Cuban dictator Fidel Castro has outlasted eight American presidents and established his country as one of the world’s few remaining footholds of communism.
And in recently declassified documents published in a book late last year, GW’s National Security Archive Director Peter Kornbluh offers a unique look at one of the United States’ biggest Cold War embarrassments.
Kornbluh condensed the 30,000 pages of new information into a volume entitled Bay of Pigs Declassified. It includes papers from Inspector General Lyman Kirkpatrick’s review of the April 16, 1961 Bay of Pigs invasion and other historical material.
“It is extremely upsetting that key documents were being withheld from students of history until now,” Kornbluh said.
The release of the secret documents, spurred by a 1996 Freedom of Information Act request, follows a 1992 CIA announcement that it “would begin a historical review of past covert operations as part of a new post-Cold War openness campaign.” In addition, a Clinton executive order in 1995 requires documents more than 25 years old to be processed for release.
“The movie JFK started a popular movement in this country to get documents on the Kennedy assassination declassified and prompted Congress to appropriate money for a board of non-governmental people to get this material to the public,” Kornbluh said.

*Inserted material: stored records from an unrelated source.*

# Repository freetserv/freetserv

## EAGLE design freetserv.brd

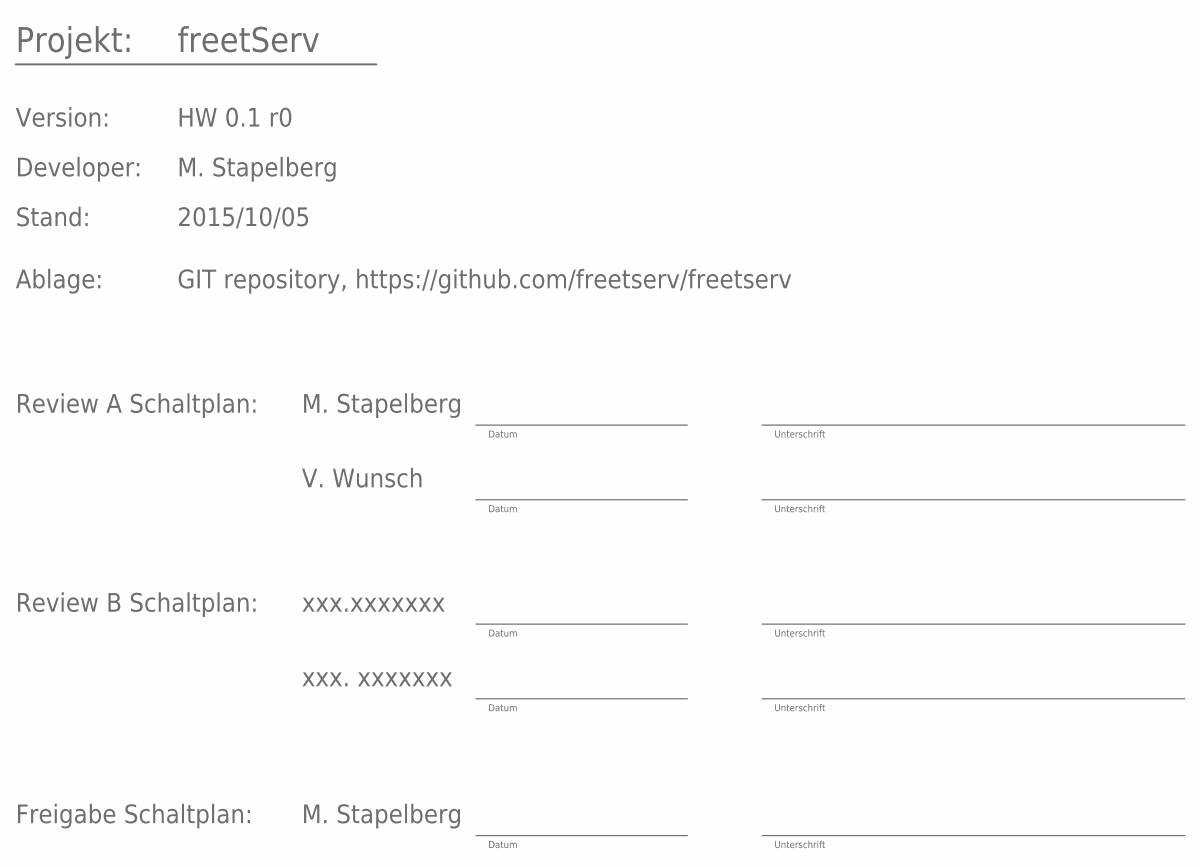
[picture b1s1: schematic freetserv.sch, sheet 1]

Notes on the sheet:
freetServ
Projekt:
Version:
HW 0.1 r0
Developer:
M. Stapelberg
Stand:
2015/10/05
Review A Schaltplan:
Datum
Unterschrift
V. Wunsch
Freigabe Schaltplan:
Ablage:
GIT repository, https://github.com/freetserv/freetserv
Review B Schaltplan:
xxx.xxxxxxx
xxx. xxxxxxx

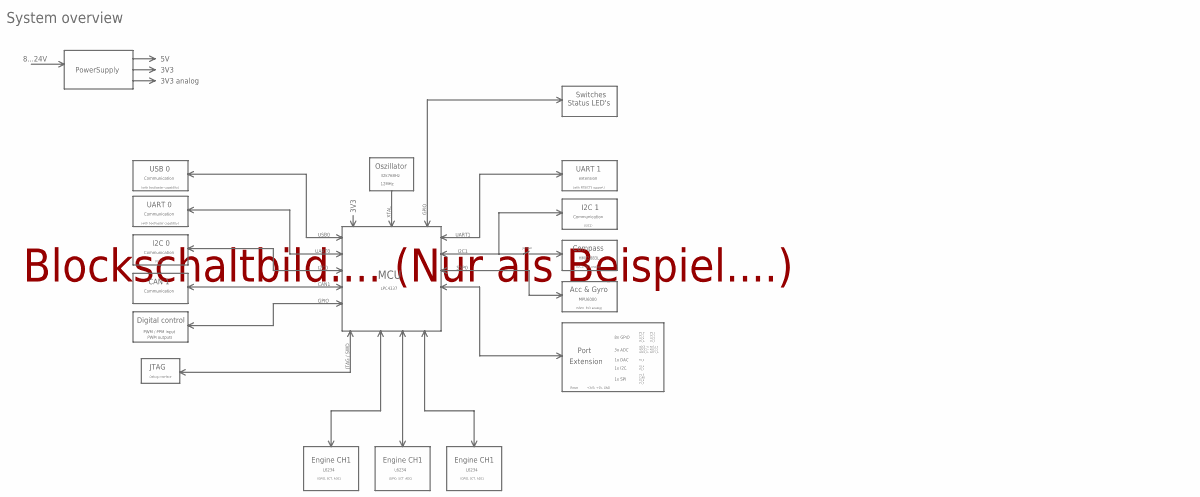
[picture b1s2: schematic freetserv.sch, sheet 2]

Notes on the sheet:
System overview
MCU
PowerSupply
3V3
3V3 analog
8...24V
JTAG
PWM / PPM input
PWM outputs
Digital control
Communication
CAN 1
I2C 0
UART 0
USB 0
(with bootloader capability)
Debug interface
I2C 1
UART 1
extension
(with RTS/CTS support)
8x GPIO
Port
Extension
3x ADC
1x DAC
1x I2C
1x SPI
Reset
+3V3, +5V, GND
(I2C0)
HMC5883L
Compass
Jumper
I2C1
UART1
UART0
USB0
I2C0
(I2C1)

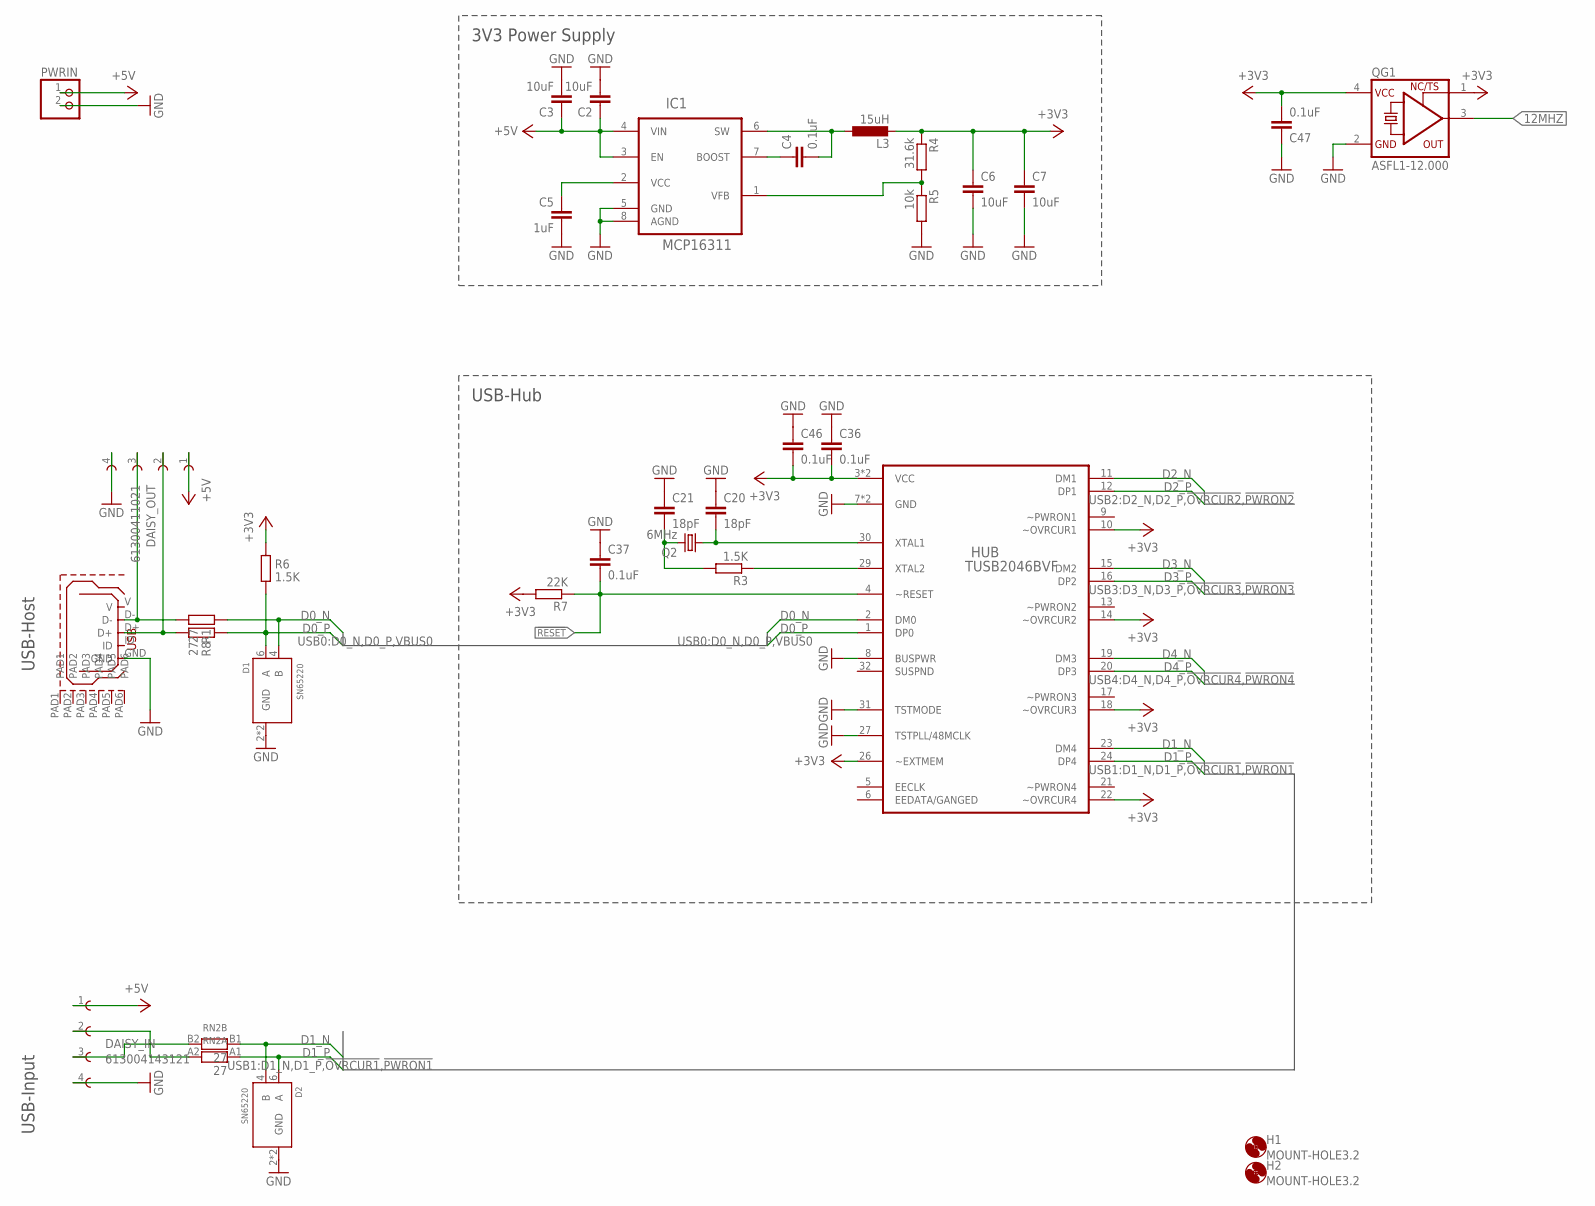
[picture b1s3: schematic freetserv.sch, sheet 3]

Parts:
C2, C3, C6, C7: 10uF; C0805; PARTNO 490-10517-1-ND
C4, C36, C37, C46, C47: 0.1uF; C0805; PARTNO 1276-1003-1-ND
C5: 1uF; C0805; PARTNO 311-1365-1-ND
C20, C21: 18pF; C0805; PARTNO 709-1171-1-ND
D1, D2: SN65220; SOT23-6; PARTNO 296-9694-1-ND
DAISY_IN: 613004143121; PARTNO 732-2863-ND
DAISY_OUT: 61300411021; PARTNO 732-5337-ND
H1, H2: MOUNT-HOLE3.2; 3,2
HUB: TUSB2046BVF; QFP80P900X900X145-32N
IC1: MCP16311; MSOP8; PARTNO MCP16311-E/MS-ND
L3: 15uH; NR60XX; PARTNO 587-2624-1-ND
PWRIN: PINHD-1X2; 1X02; PARTNO A1921-ND
Q2: 6MHz; CSM-7X-DU; PARTNO 535-10208-1-ND
QG1: ASFL1-12.000; XO53; PARTNO 535-9253-1-ND
R1, R8: 27; R0805; PARTNO 311-27ARCT-ND
R3, R6: 1.5K; R0805; PARTNO 311-1.5KARCT-ND
R4: 31.6k; R0805; PARTNO 311-31.6KCRCT-ND
R5: 10k; R0805; PARTNO 311-10KARCT-ND
R7: 22K; R0805; PARTNO 311-22KARCT-ND
RN2: 27; EXBV4V; PARTNO Y2270CT-ND
USB_HOST: USB_MICROB; USB_MICROB_PACKAGE; PARTNO H11634CT-ND

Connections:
12MHZ: QG1.3 (OUT); also elsewhere on the board
!RESET: C37.2, HUB.4 (~RESET), R7.1; also elsewhere on the board
+3V3: C6.1, C7.1, C36.2, C46.2, C47.2, HUB.3 (VCC), HUB.10 (~OVRCUR1), HUB.14 (~OVRCUR2), HUB.18 (~OVRCUR3), HUB.22 (~OVRCUR4), HUB.25 (VCC), HUB.26 (~EXTMEM), L3.2, QG1.1 (TS), QG1.4 (VCC), R4.1, R6.1, R7.2; also elsewhere on the board
+5V: C2.1, C3.1, DAISY_IN.1, DAISY_OUT.1, IC1.3 (EN), IC1.4 (VIN), PWRIN.1
D0_N: D1.4 (B), HUB.2 (DM0), R1.1
D0_P: D1.6 (A), HUB.1 (DP0), R6.2, R8.1
D1_N: D2.4 (B), HUB.23 (DM4), RN2.B1 (1)
D1_P: D2.6 (A), HUB.24 (DP4), RN2.A1 (1)
D2_N: HUB.11 (DM1); also elsewhere on the board
D2_P: HUB.12 (DP1); also elsewhere on the board
D3_N: HUB.15 (DM2); also elsewhere on the board
D3_P: HUB.16 (DP2); also elsewhere on the board
D4_N: HUB.19 (DM3); also elsewhere on the board
D4_P: HUB.20 (DP3); also elsewhere on the board
DX0_N: DAISY_OUT.3, R1.2, USB_HOST.D-
DX0_P: DAISY_OUT.2, R8.2, USB_HOST.D+
GND: C2.2, C3.2, C5.2, C6.2, C7.2, C20.1, C21.1, C36.1, C37.1, C46.1, C47.1, D1.2 (GND), D1.5 (GND), D2.2 (GND), D2.5 (GND), DAISY_IN.4, DAISY_OUT.4, HUB.7 (GND), HUB.8 (BUSPWR), HUB.27 (TSTPLL/48MCLK), HUB.28 (GND), HUB.31 (TSTMODE), IC1.5 (GND), IC1.8 (AGND), PWRIN.2, QG1.2 (GND), R5.2, USB_HOST.GND; also elsewhere on the board
unnamed: C4.1, IC1.7 (BOOST)
unnamed: C4.2, IC1.6 (SW), L3.1
unnamed: IC1.1 (VFB), R4.2, R5.1
unnamed: DAISY_IN.2, RN2.A2 (2)
unnamed: DAISY_IN.3, RN2.B2 (2)
unnamed: C5.1, IC1.2 (VCC)
unnamed: HUB.29 (XTAL2), R3.1
unnamed: C20.2, HUB.30 (XTAL1), Q2.1
unnamed: C21.2, Q2.2, R3.2

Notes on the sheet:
3V3 Power Supply
USB-Hub
USB-Input
USB-Host

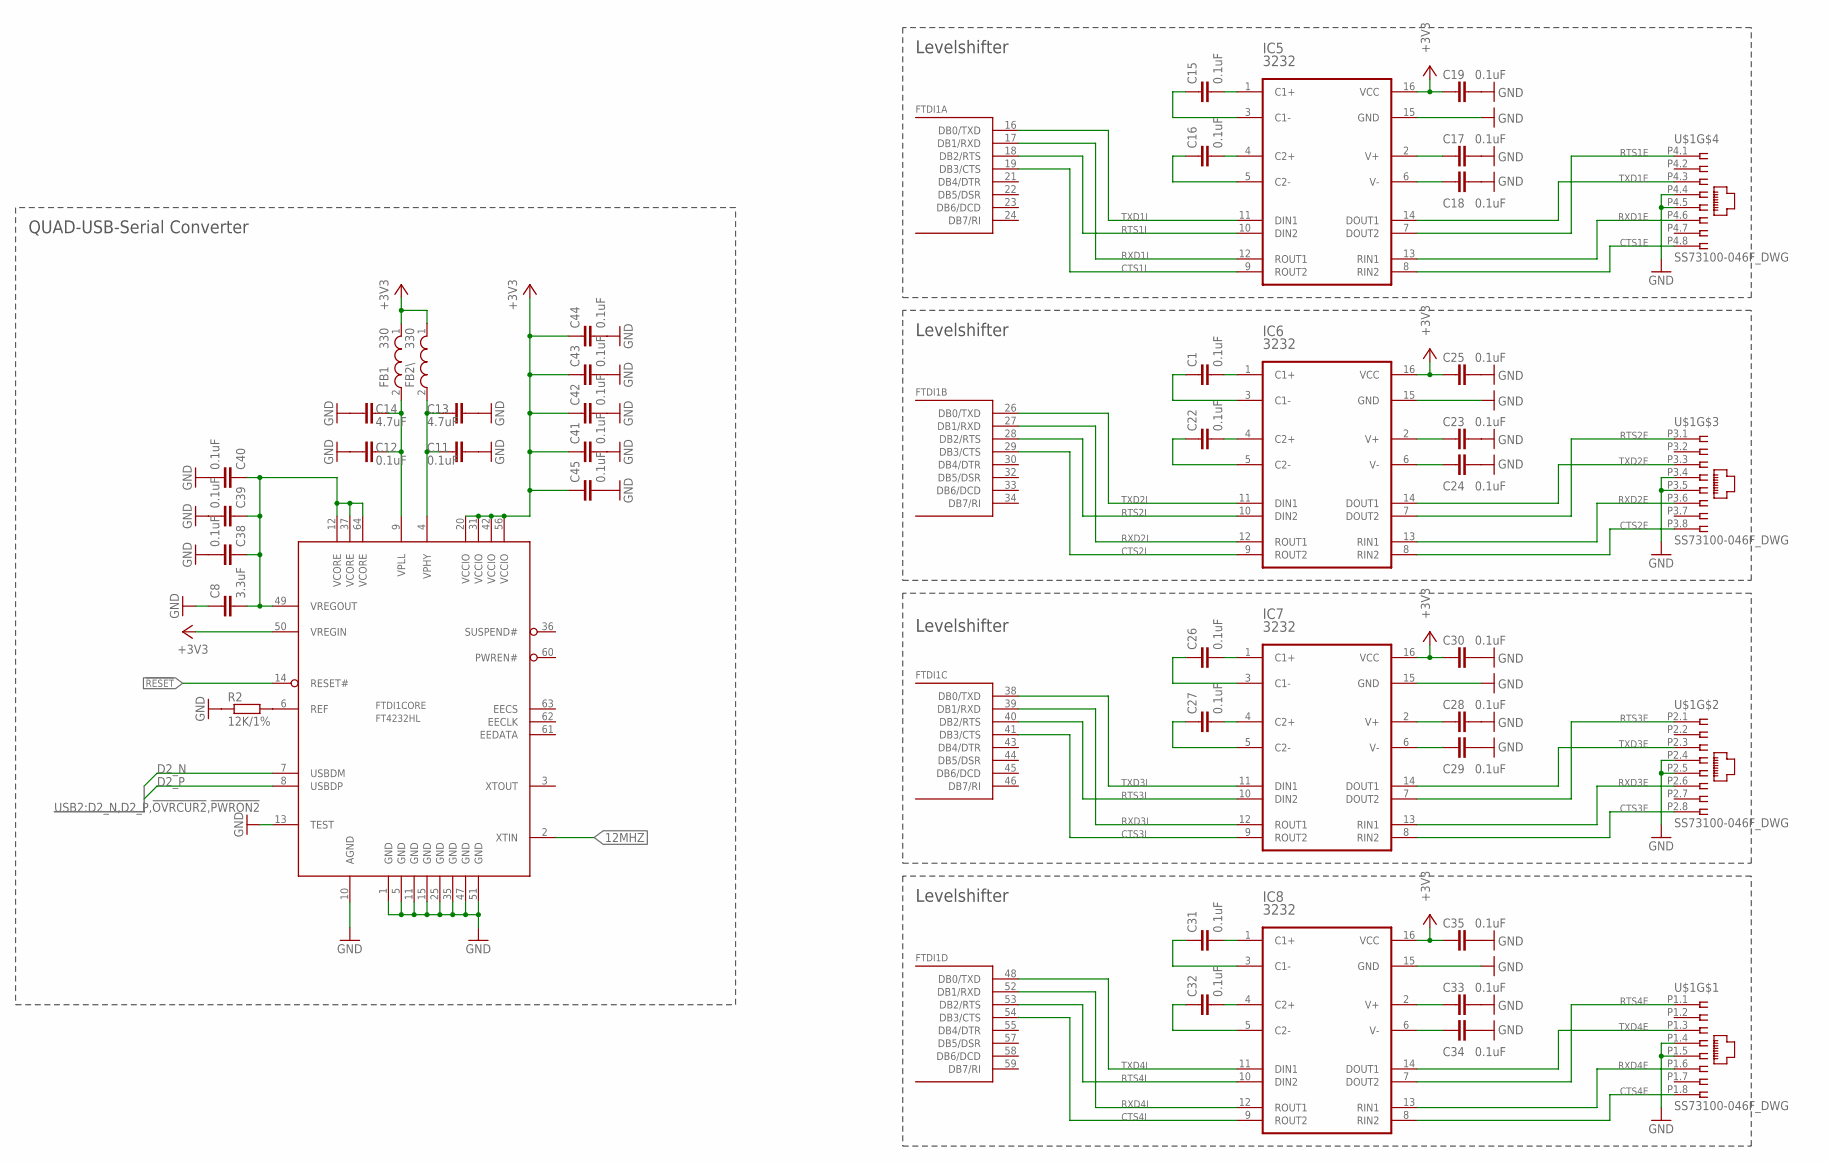
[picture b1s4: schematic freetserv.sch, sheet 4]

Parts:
C1, C11, C12, C15, C16, C17, C18, C19, C22, C23, C24, C25, C26, C27, C28, C29, C30, C31, C32, C33, C34, C35, C38, C39, C40, C41, C42, C43, C44, C45: 0.1uF; C0805; PARTNO 1276-1003-1-ND
C8: 3.3uF; C0805; PARTNO 445-7589-1-ND
C13, C14: 4.7uF; C0805; PARTNO 1276-2972-1-ND
FB1, FB2\: 330; WE-KI_0805A; PARTNO 490-5988-1-ND
FTDI1: FT4232HL; LQFP64; PARTNO 768-1026-1-ND
IC5, IC6, IC7, IC8: 3232; SOP65P640X120-16N; PARTNO 296-19263-1-ND
R2: 12K/1%; R0805; PARTNO 311-12.0KCRCT-ND
U$1: SS73100-046F_DWG; SS73100-046F; PARTNO 380-1225-ND

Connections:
12MHZ: FTDI1.2 (XTIN); also elsewhere on the board
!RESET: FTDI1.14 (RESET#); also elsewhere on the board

“The Cuba documents were included because they were clearly part of Oswald’s motivation and the surrounding intrigue,” he said.
The archive that Kornbluh heads is a public research institute on the seventh floor of Gelman Library. It houses 1.7 million pages of declassified documents.
“We share the University’s mission to advance scholarship on history and contemporary relevance,” Kornbluh said.
In April 1961, CIA-organized Cuban dissidents landed at the Bahia de los Cochinos on the southern coast of Cuba in an ill-fated coup against Fidel Castro’s communist regime, which was seen as a launching pad for Soviet influence into the Western Hemisphere.
The project called for the formation of a Cuban exile organization, the creation of a clandestine intelligence force inside Cuba, and the development of a small paramilitary force to organize, train and lead resistance groups.
But between the formulation of that plan and Kennedy’s inauguration, the CIA altered its view of the situation in Cuba, saying it had become “militarily infeasible to overthrow the Castro regime except by the commitment to combat of a sizable organized military force,” according to the documents.
The operation, which would come to be one of the nation’s most infamous foreign policy debacles, cost the lives of 114 rebels. Twelve hundred of their compatriots were captured by Castro’s forces.
At the time, the report caused such a stir at the agency that then CIA Director John McCone ordered all but one copy burned. The original report, along with angry rebuttals penned by CIA officials in charge of the invasion, spent the Cold War locked in a safe in the director’s office.
“In the name of protecting the institutional future of covert operations, the Bay of Pigs report simply vanished into the thin air of secrecy,” Kornbluh said.
Kirkpatrick’s report, written over a six-month period in 1961, includes more than 125 interviews with CIA personnel and berates the CIA for “misinforming Kennedy administration officials, bad planning, inadequate intelligence, treating rebel leaders as `puppets,’ and conducting an overt military operation beyond agency responsibility as well as agency capability,” according to a press release from the National Security Archive.
But a lengthy and heated rebuttal written by then CIA Deputy Director Richard Bissell blamed the “political requirement of deniability” for the invasion’s failure and held “senior policy-makers” responsible.
Bissel’s answer to the Kirkpatrick report, entitled “An Analysis of the Cuban Operation,” concludes that Washington politics, not cloak and dagger incompetence, were behind the mission’s failure.
But Kornbluh says in his book that the Bissell mindset is “a combination of imperial arrogance, ethnocentric ignorance, and a false sense of U.S. omnipotence that has dominated the history of covert operations since the Bay of Pigs.”
That trend is changing now, Kornbluh said.
He cites the recent policy failures in Iraq, and says senior White House officials are beginning to realize the CIA has limitations, as first noted by both Kirkpatrick and Bissel.
“The United States cannot stay stuck in a Cold War time warp,” Kornbluh said. “The world of the 1960s is very different from today.”